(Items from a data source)
++++++

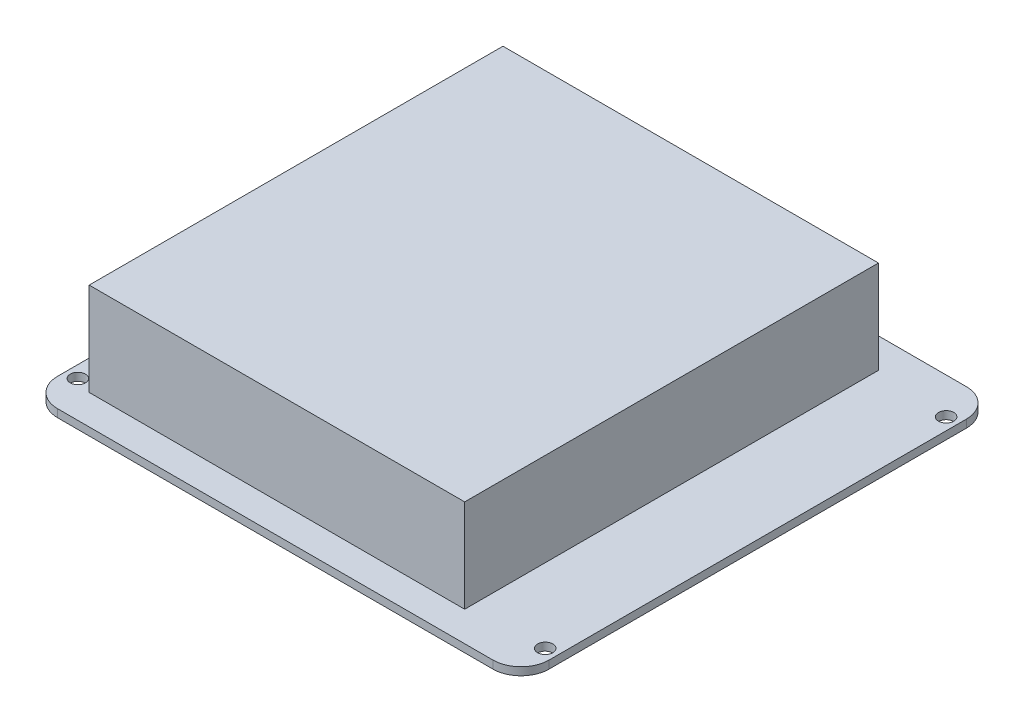
SolidWorks part; units mm, degrees
ref_plane "Front Plane" through (0, 0, 0) normal (0, 0, 1) x (1, 0, 0)
ref_plane "Top Plane" through (0, 0, 0) normal (0, 1, 0) x (1, 0, 0)
ref_plane "Right Plane" through (0, 0, 0) normal (1, 0, 0) x (0, 0, -1)
sketch "Sketch1" plane through (0, 0, 0) normal (0, 1, 0) x (1, 0, 0)
  line L0 (47.5, 40.75) -> (-47.5, 40.75) construction
  line L1 (-49.955, 48.125) -> (49.955, 48.125)
  line L2 (-49.955, 48.125) -> (-49.955, -48.125)
  line L3 (-49.955, -48.125) -> (49.955, -48.125)
  line L4 (49.955, 48.125) -> (49.955, -48.125)
  line L5 (47.5, -40.75) -> (47.5, 40.75) construction
  circle A0 centre (-47.5, 40.75) radius 1.55
  circle A1 centre (47.5, 40.75) radius 1.55
  circle A2 centre (-47.5, -40.75) radius 1.55
  circle A3 centre (47.5, -40.75) radius 1.55
  point P6 (0, 48.125)
  point P8 (49.955, 0)
  point P15 (0, 40.75)
  point P16 (47.5, 0)
  dimension "D3" = 3.1
  dimension "D1" = 96.25
  dimension "D2" = 99.91
  dimension "D4" = 95
  dimension "D5" = 81.5
extrude "Boss-Extrude1" add sketch "Sketch1" along normal blind 1.6
fillet "Fillet1" radius 5.7 4 edges at (49.955, 0.8, -48.125) (49.955, 0.8, 48.125) (-49.955, 0.8, -48.125) (-49.955, 0.8, 48.125)
sketch "Sketch2" plane through (0, 1.6, 0) normal (0, 1, 0) x (1, 0, 0)
  line L0 (-49.955, 42.425) -> (-49.955, -42.425) construction
  line L1 (32.435, -42.055) -> (-43.895, -42.055)
  line L2 (32.435, -42.055) -> (32.435, 42.055)
  line L3 (32.435, 42.055) -> (-43.895, 42.055)
  line L4 (-43.895, -42.055) -> (-43.895, 42.055)
  point P4 (-43.895, 0)
  dimension "D1" = 84.11
  dimension "D2" = 76.33
  dimension "D3" = 6.06
extrude "Boss-Extrude2" add sketch "Sketch2" along normal offset from surface (18.9 mm away) 20.5 up to face at (0, 0, 0)
sketch "Sketch3" plane through (0, 0, 0) normal (0, -1, 0) x (1, 0, 0)
  line L0 (-44.255, 48.125) -> (44.255, 48.125) construction
  line L1 (-7.135, 6.225) -> (-14.095, 6.225)
  line L2 (-7.135, 6.225) -> (-7.135, -0.325)
  line L3 (-7.135, -0.325) -> (-14.095, -0.325)
  line L4 (-14.095, 6.225) -> (-14.095, -0.325)
  line L5 (-49.955, -42.425) -> (-49.955, 42.425) construction
  dimension "D1" = 6.55
  dimension "D2" = 6.96
  dimension "D3" = 41.9
  dimension "D4" = 35.86
extrude "Boss-Extrude3" add sketch "Sketch3" along normal blind 5.15

++++++

## TASK
Find each line above that contains "sketch", and copy those lines.

## RESULT OF THIS TASK
sketch "Sketch1" plane through (0, 0, 0) normal (0, 1, 0) x (1, 0, 0)
extrude "Boss-Extrude1" add sketch "Sketch1" along normal blind 1.6
sketch "Sketch2" plane through (0, 1.6, 0) normal (0, 1, 0) x (1, 0, 0)
extrude "Boss-Extrude2" add sketch "Sketch2" along normal offset from surface (18.9 mm away) 20.5 up to face at (0, 0, 0)
sketch "Sketch3" plane through (0, 0, 0) normal (0, -1, 0) x (1, 0, 0)
extrude "Boss-Extrude3" add sketch "Sketch3" along normal blind 5.15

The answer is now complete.